Oleh : Dra. Wigang Solandjari, Dosen AKAFARMA PIM
Kecenderungan masyarakat untuk kembali ke alam (Back to Nature) untuk
memelihara kesehatan tubuh dengan memanfaatkan obat bahan alam yang
tersedia melimpah di tanah air ini mengakibatkan industri di bidang obat
tradisional berusaha meningkatkan kapasitas produksinya. Berkembangnya
pasar bagi
peredaran obat tradisional ini juga berperan dalam
menumbuhkan industri baru di bidang obat tradisional dan meningkatnya
peredaran obat tradisional yang berasal dari negara lain. Kecenderungan
kembali ke alam ini didasari alas an umum bahwa obat bahan alam
merupakan bahan yang aman digunakan dan mudah didapat.

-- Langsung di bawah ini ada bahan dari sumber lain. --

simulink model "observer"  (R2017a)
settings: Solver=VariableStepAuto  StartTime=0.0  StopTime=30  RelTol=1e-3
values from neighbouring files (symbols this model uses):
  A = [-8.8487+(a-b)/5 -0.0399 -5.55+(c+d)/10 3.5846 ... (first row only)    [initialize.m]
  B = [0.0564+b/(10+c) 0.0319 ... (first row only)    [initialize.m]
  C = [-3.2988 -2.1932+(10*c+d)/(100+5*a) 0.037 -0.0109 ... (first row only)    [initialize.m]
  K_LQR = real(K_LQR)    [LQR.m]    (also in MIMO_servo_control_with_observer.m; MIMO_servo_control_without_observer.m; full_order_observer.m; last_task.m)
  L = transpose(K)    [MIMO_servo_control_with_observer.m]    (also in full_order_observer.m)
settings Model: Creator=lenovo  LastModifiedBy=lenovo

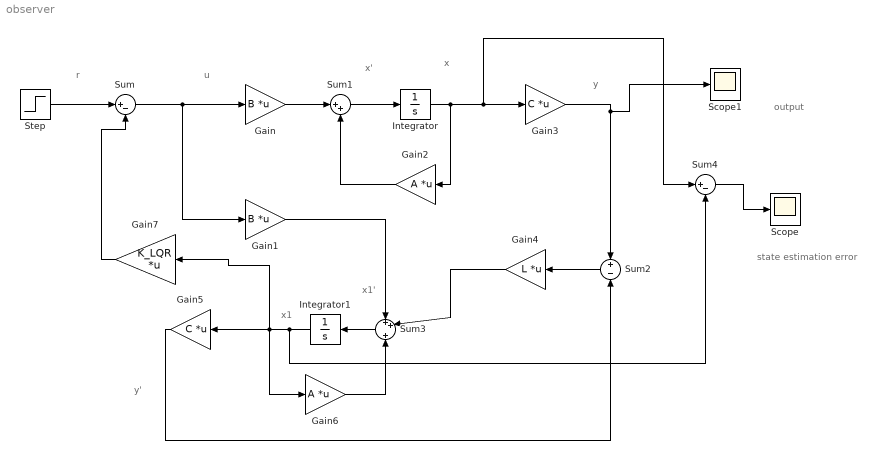
== system observer ==
  note: output
  note: state estimation error
  note: y'
  note: y
  note: x1'
  note: x1
  note: x
  note: x'
  note: u
  note: r
  Gain : Gain  Gain=B  Multiplication=Matrix(K*u)
  Gain1 : Gain  Gain=B  Multiplication=Matrix(K*u)
  Gain2 : Gain  Gain=A  Multiplication=Matrix(K*u)
  Gain3 : Gain  Gain=C  Multiplication=Matrix(K*u)
  Gain4 : Gain  Gain=L  Multiplication=Matrix(K*u)
  Gain5 : Gain  Gain=C  Multiplication=Matrix(K*u)
  Gain6 : Gain  Gain=A  Multiplication=Matrix(K*u)
  Gain7 : Gain  Gain=K_LQR  Multiplication=Matrix(K*u)
  Integrator : Integrator  InitialCondition=[0.5;-0.1;0.3;-0.8]
  Integrator1 : Integrator
  Scope : Scope
  Scope1 : Scope
  Step : Step  Before=[0;1]  After=[0;0]  SampleTime=0  VectorParams1D=off
  Sum : Sum  Inputs=|+-
  Sum1 : Sum  Inputs=|++
  Sum2 : Sum  Inputs=+|-
  Sum3 : Sum  Inputs=++|+
  Sum4 : Sum  Inputs=|+-
  wires:
  Gain/1 -> Sum1/1
  Gain2/1 -> Sum1/2
  Sum1/1 -> Integrator/1
  Gain3/1 -> Scope1/1, Sum2/1
  Sum2/1 -> Gain4/1
  Step/1 -> Sum/1
  Sum/1 -> Gain1/1, Gain/1
  Gain4/1 -> Sum3/2
  Gain1/1 -> Sum3/1
  Gain5/1 -> Sum2/2
  Sum3/1 -> Integrator1/1
  Gain6/1 -> Sum3/3
  Gain7/1 -> Sum/2
  Integrator/1 -> Sum4/1, Gain3/1, Gain2/1
  Integrator1/1 -> Sum4/2, Gain7/1, Gain6/1, Gain5/1
  Sum4/1 -> Scope/1

Badan POM selaku badan yang memiliki kewenangan mutlak didalam
pengawasan obat dan makanan di Indonesia, terus berupaya untuk memenuhi
keinginan masyarakat dengan meningkatkan perannya didalam melindungi
masyarakat dari peredaran obat tradisional yang belum memenuhi syarat
mutu dan keamanan. Disamping itu, Badan POM juga berperan dalam membina
industri maupun importir/ distributor secara komprehensif mulai
pembuatan, peredaran, dan distribusi supaya masyarakat terhindar dari
penggunaan obat tradisional yang berisiko bagi pemeliharaan kesehatan.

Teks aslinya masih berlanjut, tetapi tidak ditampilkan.